YOUR OBJECTIVE:
Don't include pictures. Quote the lines below from the first through the line that contains "#11,#12)) REPRESENTATION_CONTEXT('',''));".

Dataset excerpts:
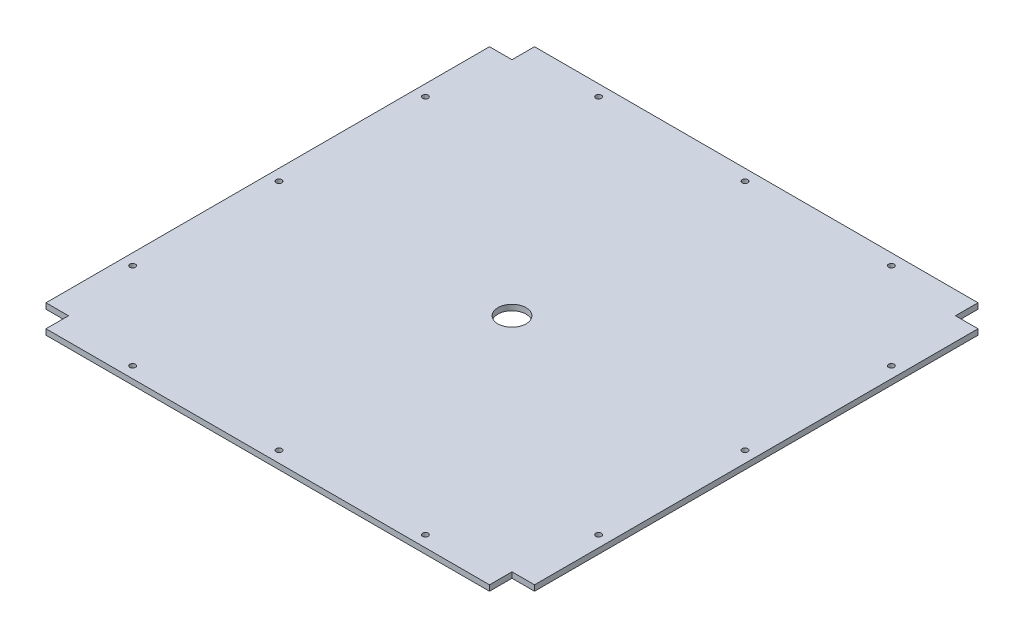
ISO-10303-21;
HEADER;
FILE_DESCRIPTION(('STEP AP214'),'2;1');
FILE_NAME('part.step','',(''),(''),'','','');
FILE_SCHEMA(('AUTOMOTIVE_DESIGN { 1 0 10303 214 1 1 1 1 }'));
ENDSEC;
DATA;
#1=APPLICATION_CONTEXT('core data for automotive mechanical design processes');
#2=APPLICATION_PROTOCOL_DEFINITION('international standard','automotive_design',2000,#1);
#3=PRODUCT_CONTEXT('',#1,'mechanical');
#4=PRODUCT('Part','Part','',(#3));
#5=PRODUCT_RELATED_PRODUCT_CATEGORY('part','',(#4));
#6=PRODUCT_DEFINITION_FORMATION('','',#4);
#7=PRODUCT_DEFINITION_CONTEXT('part definition',#1,'design');
#8=PRODUCT_DEFINITION('design','',#6,#7);
#9=PRODUCT_DEFINITION_SHAPE('','',#8);
#10=(LENGTH_UNIT() NAMED_UNIT(*) SI_UNIT(.MILLI.,.METRE.));
#11=(NAMED_UNIT(*) PLANE_ANGLE_UNIT() SI_UNIT($,.RADIAN.));
#12=(NAMED_UNIT(*) SI_UNIT($,.STERADIAN.) SOLID_ANGLE_UNIT());
#13=UNCERTAINTY_MEASURE_WITH_UNIT(LENGTH_MEASURE(1.E-05),#10,'distance_accuracy_value','');
#14=(GEOMETRIC_REPRESENTATION_CONTEXT(3) GLOBAL_UNCERTAINTY_ASSIGNED_CONTEXT((#13)) GLOBAL_UNIT_ASSIGNED_CONTEXT((#10,
#11,#12)) REPRESENTATION_CONTEXT('',''));
#15=CARTESIAN_POINT('',(0.,0.,0.));
#16=DIRECTION('',(0.,0.,1.));
#17=DIRECTION('',(1.,0.,0.));
#18=AXIS2_PLACEMENT_3D('',#15,#16,#17);
#19=CARTESIAN_POINT('',(0.,5.,0.));
#20=DIRECTION('',(0.,1.,0.));
#21=DIRECTION('',(0.,0.,1.));
#22=AXIS2_PLACEMENT_3D('',#19,#20,#21);
#23=PLANE('',#22);
#24=CARTESIAN_POINT('',(0.,5.,0.));
#25=DIRECTION('',(0.,1.,0.));
#26=DIRECTION('',(0.,0.,1.));
#27=AXIS2_PLACEMENT_3D('',#24,#25,#26);
#28=CIRCLE('',#27,12.5);
#29=CARTESIAN_POINT('',(0.,5.,12.5));
#30=VERTEX_POINT('',#29);
#31=EDGE_CURVE('E234',#30,#30,#28,.T.);
#32=ORIENTED_EDGE('',*,*,#31,.F.);
#33=EDGE_LOOP('',(#32));
#34=FACE_BOUND('',#33,.T.);
#35=CARTESIAN_POINT('',(-6.39469910293642E-13,5.,207.));
#36=DIRECTION('',(0.,-1.,0.));
#37=DIRECTION('',(0.,0.,-1.));
#38=AXIS2_PLACEMENT_3D('',#35,#36,#37);
#39=CIRCLE('',#38,2.5);
#40=CARTESIAN_POINT('',(-6.39469910293642E-13,5.,204.5));
#41=VERTEX_POINT('',#40);
#42=EDGE_CURVE('E275',#41,#41,#39,.T.);
#43=ORIENTED_EDGE('',*,*,#42,.T.);
#44=EDGE_LOOP('',(#43));
#45=FACE_BOUND('',#44,.T.);
#46=CARTESIAN_POINT('',(129.999999999999,5.,207.000000000001));
#47=DIRECTION('',(0.,-1.,0.));
#48=DIRECTION('',(0.,0.,-1.));
#49=AXIS2_PLACEMENT_3D('',#46,#47,#48);
#50=CIRCLE('',#49,2.5);
#51=CARTESIAN_POINT('',(129.999999999999,5.,204.500000000001));
#52=VERTEX_POINT('',#51);
#53=EDGE_CURVE('E283',#52,#52,#50,.T.);
#54=ORIENTED_EDGE('',*,*,#53,.T.);
#55=EDGE_LOOP('',(#54));
#56=FACE_BOUND('',#55,.T.);
#57=CARTESIAN_POINT('',(207.,5.,0.));
#58=DIRECTION('',(0.,-1.,0.));
#59=DIRECTION('',(0.,0.,-1.));
#60=AXIS2_PLACEMENT_3D('',#57,#58,#59);
#61=CIRCLE('',#60,2.5);
#62=CARTESIAN_POINT('',(207.,5.,-2.50000000000008));
#63=VERTEX_POINT('',#62);
#64=EDGE_CURVE('E299',#63,#63,#61,.T.);
#65=ORIENTED_EDGE('',*,*,#64,.T.);
#66=EDGE_LOOP('',(#65));
#67=FACE_BOUND('',#66,.T.);
#68=CARTESIAN_POINT('',(207.,5.,-130.));
#69=DIRECTION('',(0.,-1.,0.));
#70=DIRECTION('',(0.,0.,-1.));
#71=AXIS2_PLACEMENT_3D('',#68,#69,#70);
#72=CIRCLE('',#71,2.5);
#73=CARTESIAN_POINT('',(207.,5.,-132.5));
#74=VERTEX_POINT('',#73);
#75=EDGE_CURVE('E307',#74,#74,#72,.T.);
#76=ORIENTED_EDGE('',*,*,#75,.T.);
#77=EDGE_LOOP('',(#76));
#78=FACE_BOUND('',#77,.T.);
#79=CARTESIAN_POINT('',(-129.999999999999,5.,-207.000000000001));
#80=DIRECTION('',(0.,-1.,0.));
#81=DIRECTION('',(0.,0.,-1.));
#82=AXIS2_PLACEMENT_3D('',#79,#80,#81);
#83=CIRCLE('',#82,2.5);
#84=CARTESIAN_POINT('',(-129.999999999999,5.,-209.500000000001));
#85=VERTEX_POINT('',#84);
#86=EDGE_CURVE('E243',#85,#85,#83,.T.);
#87=ORIENTED_EDGE('',*,*,#86,.T.);
#88=EDGE_LOOP('',(#87));
#89=FACE_BOUND('',#88,.T.);
#90=CARTESIAN_POINT('',(-207.,5.,130.));
#91=DIRECTION('',(0.,-1.,0.));
#92=DIRECTION('',(0.,0.,-1.));
#93=AXIS2_PLACEMENT_3D('',#90,#91,#92);
#94=CIRCLE('',#93,2.5);
#95=CARTESIAN_POINT('',(-207.,5.,127.5));
#96=VERTEX_POINT('',#95);
#97=EDGE_CURVE('E173',#96,#96,#94,.T.);
#98=ORIENTED_EDGE('',*,*,#97,.T.);
#99=EDGE_LOOP('',(#98));
#100=FACE_BOUND('',#99,.T.);
#101=CARTESIAN_POINT('',(-207.,5.,0.));
#102=DIRECTION('',(0.,1.,0.));
#103=DIRECTION('',(0.,0.,1.));
#104=AXIS2_PLACEMENT_3D('',#101,#102,#103);
#105=CIRCLE('',#104,2.5);
#106=CARTESIAN_POINT('',(-207.,5.,2.49999999999991));
#107=VERTEX_POINT('',#106);
#108=EDGE_CURVE('E260',#107,#107,#105,.T.);
#109=ORIENTED_EDGE('',*,*,#108,.F.);
#110=EDGE_LOOP('',(#109));
#111=FACE_BOUND('',#110,.T.);
#112=CARTESIAN_POINT('',(-207.,5.,-130.));
#113=DIRECTION('',(0.,1.,0.));
#114=DIRECTION('',(0.,0.,1.));
#115=AXIS2_PLACEMENT_3D('',#112,#113,#114);
#116=CIRCLE('',#115,2.5);
#117=CARTESIAN_POINT('',(-207.,5.,-127.5));
#118=VERTEX_POINT('',#117);
#119=EDGE_CURVE('E252',#118,#118,#116,.T.);
#120=ORIENTED_EDGE('',*,*,#119,.F.);
#121=EDGE_LOOP('',(#120));
#122=FACE_BOUND('',#121,.T.);
#123=CARTESIAN_POINT('',(8.06003363987416E-13,5.,-207.));
#124=DIRECTION('',(0.,1.,0.));
#125=DIRECTION('',(0.,0.,1.));
#126=AXIS2_PLACEMENT_3D('',#123,#124,#125);
#127=CIRCLE('',#126,2.49999999999999);
#128=CARTESIAN_POINT('',(8.06003363987416E-13,5.,-204.5));
#129=VERTEX_POINT('',#128);
#130=EDGE_CURVE('E323',#129,#129,#127,.T.);
#131=ORIENTED_EDGE('',*,*,#130,.F.);
#132=EDGE_LOOP('',(#131));
#133=FACE_BOUND('',#132,.T.);
#134=CARTESIAN_POINT('',(130.000000000001,5.,-207.));
#135=DIRECTION('',(0.,1.,0.));
#136=DIRECTION('',(0.,0.,1.));
#137=AXIS2_PLACEMENT_3D('',#134,#135,#136);
#138=CIRCLE('',#137,2.5);
#139=CARTESIAN_POINT('',(130.000000000001,5.,-204.5));
#140=VERTEX_POINT('',#139);
#141=EDGE_CURVE('E315',#140,#140,#138,.T.);
#142=ORIENTED_EDGE('',*,*,#141,.F.);
#143=EDGE_LOOP('',(#142));
#144=FACE_BOUND('',#143,.T.);
#145=CARTESIAN_POINT('',(207.,5.,130.));
#146=DIRECTION('',(0.,1.,0.));
#147=DIRECTION('',(0.,0.,1.));
#148=AXIS2_PLACEMENT_3D('',#145,#146,#147);
#149=CIRCLE('',#148,2.5);
#150=CARTESIAN_POINT('',(207.,5.,132.5));
#151=VERTEX_POINT('',#150);
#152=EDGE_CURVE('E291',#151,#151,#149,.T.);
#153=ORIENTED_EDGE('',*,*,#152,.F.);
#154=EDGE_LOOP('',(#153));
#155=FACE_BOUND('',#154,.T.);
#156=CARTESIAN_POINT('',(-130.000000000001,5.,207.));
#157=DIRECTION('',(0.,1.,0.));
#158=DIRECTION('',(0.,0.,1.));
#159=AXIS2_PLACEMENT_3D('',#156,#157,#158);
#160=CIRCLE('',#159,2.5);
#161=CARTESIAN_POINT('',(-130.000000000001,5.,209.5));
#162=VERTEX_POINT('',#161);
#163=EDGE_CURVE('E267',#162,#162,#160,.T.);
#164=ORIENTED_EDGE('',*,*,#163,.F.);
#165=EDGE_LOOP('',(#164));
#166=FACE_BOUND('',#165,.T.);
#167=DIRECTION('',(0.,0.,1.));
#168=VECTOR('',#167,1.);
#169=CARTESIAN_POINT('',(-217.,5.,-217.));
#170=LINE('',#169,#168);
#171=CARTESIAN_POINT('',(-217.,5.,-197.));
#172=VERTEX_POINT('',#171);
#173=CARTESIAN_POINT('',(-217.,5.,196.999999999998));
#174=VERTEX_POINT('',#173);
#175=EDGE_CURVE('E167',#172,#174,#170,.T.);
#176=ORIENTED_EDGE('',*,*,#175,.T.);
#177=DIRECTION('',(1.,0.,0.));
#178=VECTOR('',#177,1.);
#179=CARTESIAN_POINT('',(-2.18713935851156E-12,5.,197.));
#180=LINE('',#179,#178);
#181=CARTESIAN_POINT('',(-197.000000000002,5.,196.999999999998));
#182=VERTEX_POINT('',#181);
#183=EDGE_CURVE('E394',#174,#182,#180,.T.);
#184=ORIENTED_EDGE('',*,*,#183,.T.);
#185=DIRECTION('',(0.,0.,-1.));
#186=VECTOR('',#185,1.);
#187=CARTESIAN_POINT('',(-197.,5.,-2.18713935851156E-12));
#188=LINE('',#187,#186);
#189=CARTESIAN_POINT('',(-197.000000000002,5.,217.));
#190=VERTEX_POINT('',#189);
#191=EDGE_CURVE('E398',#190,#182,#188,.T.);
#192=ORIENTED_EDGE('',*,*,#191,.F.);
#193=DIRECTION('',(1.,0.,0.));
#194=VECTOR('',#193,1.);
#195=CARTESIAN_POINT('',(-217.,5.,217.));
#196=LINE('',#195,#194);
#197=CARTESIAN_POINT('',(196.999999999999,5.,217.));
#198=VERTEX_POINT('',#197);
#199=EDGE_CURVE('E178',#190,#198,#196,.T.);
#200=ORIENTED_EDGE('',*,*,#199,.T.);
#201=DIRECTION('',(0.,0.,-1.));
#202=VECTOR('',#201,1.);
#203=CARTESIAN_POINT('',(197.,5.,1.36696209906973E-12));
#204=LINE('',#203,#202);
#205=CARTESIAN_POINT('',(196.999999999999,5.,197.000000000001));
#206=VERTEX_POINT('',#205);
#207=EDGE_CURVE('E383',#198,#206,#204,.T.);
#208=ORIENTED_EDGE('',*,*,#207,.T.);
#209=DIRECTION('',(-1.,0.,0.));
#210=VECTOR('',#209,1.);
#211=CARTESIAN_POINT('',(-1.36696209906973E-12,5.,197.));
#212=LINE('',#211,#210);
#213=CARTESIAN_POINT('',(217.,5.,197.000000000002));
#214=VERTEX_POINT('',#213);
#215=EDGE_CURVE('E159',#214,#206,#212,.T.);
#216=ORIENTED_EDGE('',*,*,#215,.F.);
#217=DIRECTION('',(0.,0.,-1.));
#218=VECTOR('',#217,1.);
#219=CARTESIAN_POINT('',(217.,5.,-217.));
#220=LINE('',#219,#218);
#221=CARTESIAN_POINT('',(217.,5.,-196.999999999999));
#222=VERTEX_POINT('',#221);
#223=EDGE_CURVE('E150',#214,#222,#220,.T.);
#224=ORIENTED_EDGE('',*,*,#223,.T.);
#225=DIRECTION('',(-1.,0.,0.));
#226=VECTOR('',#225,1.);
#227=CARTESIAN_POINT('',(5.4678483962789E-13,5.,-197.));
#228=LINE('',#227,#226);
#229=CARTESIAN_POINT('',(197.000000000001,5.,-196.999999999999));
#230=VERTEX_POINT('',#229);
#231=EDGE_CURVE('E132',#222,#230,#228,.T.);
#232=ORIENTED_EDGE('',*,*,#231,.T.);
#233=DIRECTION('',(0.,0.,1.));
#234=VECTOR('',#233,1.);
#235=CARTESIAN_POINT('',(197.,5.,5.46784839627891E-13));
#236=LINE('',#235,#234);
#237=CARTESIAN_POINT('',(197.000000000001,5.,-217.));
#238=VERTEX_POINT('',#237);
#239=EDGE_CURVE('E143',#238,#230,#236,.T.);
#240=ORIENTED_EDGE('',*,*,#239,.F.);
#241=DIRECTION('',(-1.,0.,0.));
#242=VECTOR('',#241,1.);
#243=CARTESIAN_POINT('',(-217.,5.,-217.));
#244=LINE('',#243,#242);
#245=CARTESIAN_POINT('',(-197.,5.,-217.));
#246=VERTEX_POINT('',#245);
#247=EDGE_CURVE('E161',#238,#246,#244,.T.);
#248=ORIENTED_EDGE('',*,*,#247,.T.);
#249=DIRECTION('',(0.,0.,1.));
#250=VECTOR('',#249,1.);
#251=CARTESIAN_POINT('',(-197.,5.,0.));
#252=LINE('',#251,#250);
#253=CARTESIAN_POINT('',(-197.,5.,-197.));
#254=VERTEX_POINT('',#253);
#255=EDGE_CURVE('E377',#246,#254,#252,.T.);
#256=ORIENTED_EDGE('',*,*,#255,.T.);
#257=DIRECTION('',(1.,0.,0.));
#258=VECTOR('',#257,1.);
#259=CARTESIAN_POINT('',(0.,5.,-197.));
#260=LINE('',#259,#258);
#261=EDGE_CURVE('E409',#172,#254,#260,.T.);
#262=ORIENTED_EDGE('',*,*,#261,.F.);
#263=EDGE_LOOP('',(#176,#184,#192,#200,#208,#216,#224,#232,#240,#248,#256,#262));
#264=FACE_BOUND('',#263,.T.);
#265=ADVANCED_FACE('F42',(#34,#45,#56,#67,#78,#89,#100,#111,#122,#133,#144,#155,#166,#264),#23,.T.);
#266=CARTESIAN_POINT('',(0.,0.,0.));
#267=DIRECTION('',(0.,1.,0.));
#268=DIRECTION('',(0.,0.,1.));
#269=AXIS2_PLACEMENT_3D('',#266,#267,#268);
#270=PLANE('',#269);
#271=CARTESIAN_POINT('',(0.,0.,0.));
#272=DIRECTION('',(0.,1.,0.));
#273=DIRECTION('',(0.,0.,1.));
#274=AXIS2_PLACEMENT_3D('',#271,#272,#273);
#275=CIRCLE('',#274,12.5);
#276=CARTESIAN_POINT('',(0.,0.,12.5));
#277=VERTEX_POINT('',#276);
#278=EDGE_CURVE('E235',#277,#277,#275,.T.);
#279=ORIENTED_EDGE('',*,*,#278,.T.);
#280=EDGE_LOOP('',(#279));
#281=FACE_BOUND('',#280,.T.);
#282=CARTESIAN_POINT('',(207.,0.,130.));
#283=DIRECTION('',(0.,1.,0.));
#284=DIRECTION('',(0.,0.,1.));
#285=AXIS2_PLACEMENT_3D('',#282,#283,#284);
#286=CIRCLE('',#285,2.5);
#287=CARTESIAN_POINT('',(207.,0.,132.5));
#288=VERTEX_POINT('',#287);
#289=EDGE_CURVE('E295',#288,#288,#286,.T.);
#290=ORIENTED_EDGE('',*,*,#289,.T.);
#291=EDGE_LOOP('',(#290));
#292=FACE_BOUND('',#291,.T.);
#293=CARTESIAN_POINT('',(207.,0.,0.));
#294=DIRECTION('',(0.,-1.,0.));
#295=DIRECTION('',(0.,0.,-1.));
#296=AXIS2_PLACEMENT_3D('',#293,#294,#295);
#297=CIRCLE('',#296,2.5);
#298=CARTESIAN_POINT('',(207.,0.,-2.50000000000008));
#299=VERTEX_POINT('',#298);
#300=EDGE_CURVE('E303',#299,#299,#297,.T.);
#301=ORIENTED_EDGE('',*,*,#300,.F.);
#302=EDGE_LOOP('',(#301));
#303=FACE_BOUND('',#302,.T.);
#304=CARTESIAN_POINT('',(207.,0.,-130.));
#305=DIRECTION('',(0.,-1.,0.));
#306=DIRECTION('',(0.,0.,-1.));
#307=AXIS2_PLACEMENT_3D('',#304,#305,#306);
#308=CIRCLE('',#307,2.5);
#309=CARTESIAN_POINT('',(207.,0.,-132.5));
#310=VERTEX_POINT('',#309);
#311=EDGE_CURVE('E311',#310,#310,#308,.T.);
#312=ORIENTED_EDGE('',*,*,#311,.F.);
#313=EDGE_LOOP('',(#312));
#314=FACE_BOUND('',#313,.T.);
#315=CARTESIAN_POINT('',(8.06003363987416E-13,0.,-207.));
#316=DIRECTION('',(0.,1.,0.));
#317=DIRECTION('',(0.,0.,1.));
#318=AXIS2_PLACEMENT_3D('',#315,#316,#317);
#319=CIRCLE('',#318,2.49999999999999);
#320=CARTESIAN_POINT('',(8.06003363987416E-13,0.,-204.5));
#321=VERTEX_POINT('',#320);
#322=EDGE_CURVE('E247',#321,#321,#319,.T.);
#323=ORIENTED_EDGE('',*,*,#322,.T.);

SOLUTION FOR THIS TASK:
ISO-10303-21;
HEADER;
FILE_DESCRIPTION(('STEP AP214'),'2;1');
FILE_NAME('part.step','',(''),(''),'','','');
FILE_SCHEMA(('AUTOMOTIVE_DESIGN { 1 0 10303 214 1 1 1 1 }'));
ENDSEC;
DATA;
#1=APPLICATION_CONTEXT('core data for automotive mechanical design processes');
#2=APPLICATION_PROTOCOL_DEFINITION('international standard','automotive_design',2000,#1);
#3=PRODUCT_CONTEXT('',#1,'mechanical');
#4=PRODUCT('Part','Part','',(#3));
#5=PRODUCT_RELATED_PRODUCT_CATEGORY('part','',(#4));
#6=PRODUCT_DEFINITION_FORMATION('','',#4);
#7=PRODUCT_DEFINITION_CONTEXT('part definition',#1,'design');
#8=PRODUCT_DEFINITION('design','',#6,#7);
#9=PRODUCT_DEFINITION_SHAPE('','',#8);
#10=(LENGTH_UNIT() NAMED_UNIT(*) SI_UNIT(.MILLI.,.METRE.));
#11=(NAMED_UNIT(*) PLANE_ANGLE_UNIT() SI_UNIT($,.RADIAN.));
#12=(NAMED_UNIT(*) SI_UNIT($,.STERADIAN.) SOLID_ANGLE_UNIT());
#13=UNCERTAINTY_MEASURE_WITH_UNIT(LENGTH_MEASURE(1.E-05),#10,'distance_accuracy_value','');
#14=(GEOMETRIC_REPRESENTATION_CONTEXT(3) GLOBAL_UNCERTAINTY_ASSIGNED_CONTEXT((#13)) GLOBAL_UNIT_ASSIGNED_CONTEXT((#10,
#11,#12)) REPRESENTATION_CONTEXT('',''));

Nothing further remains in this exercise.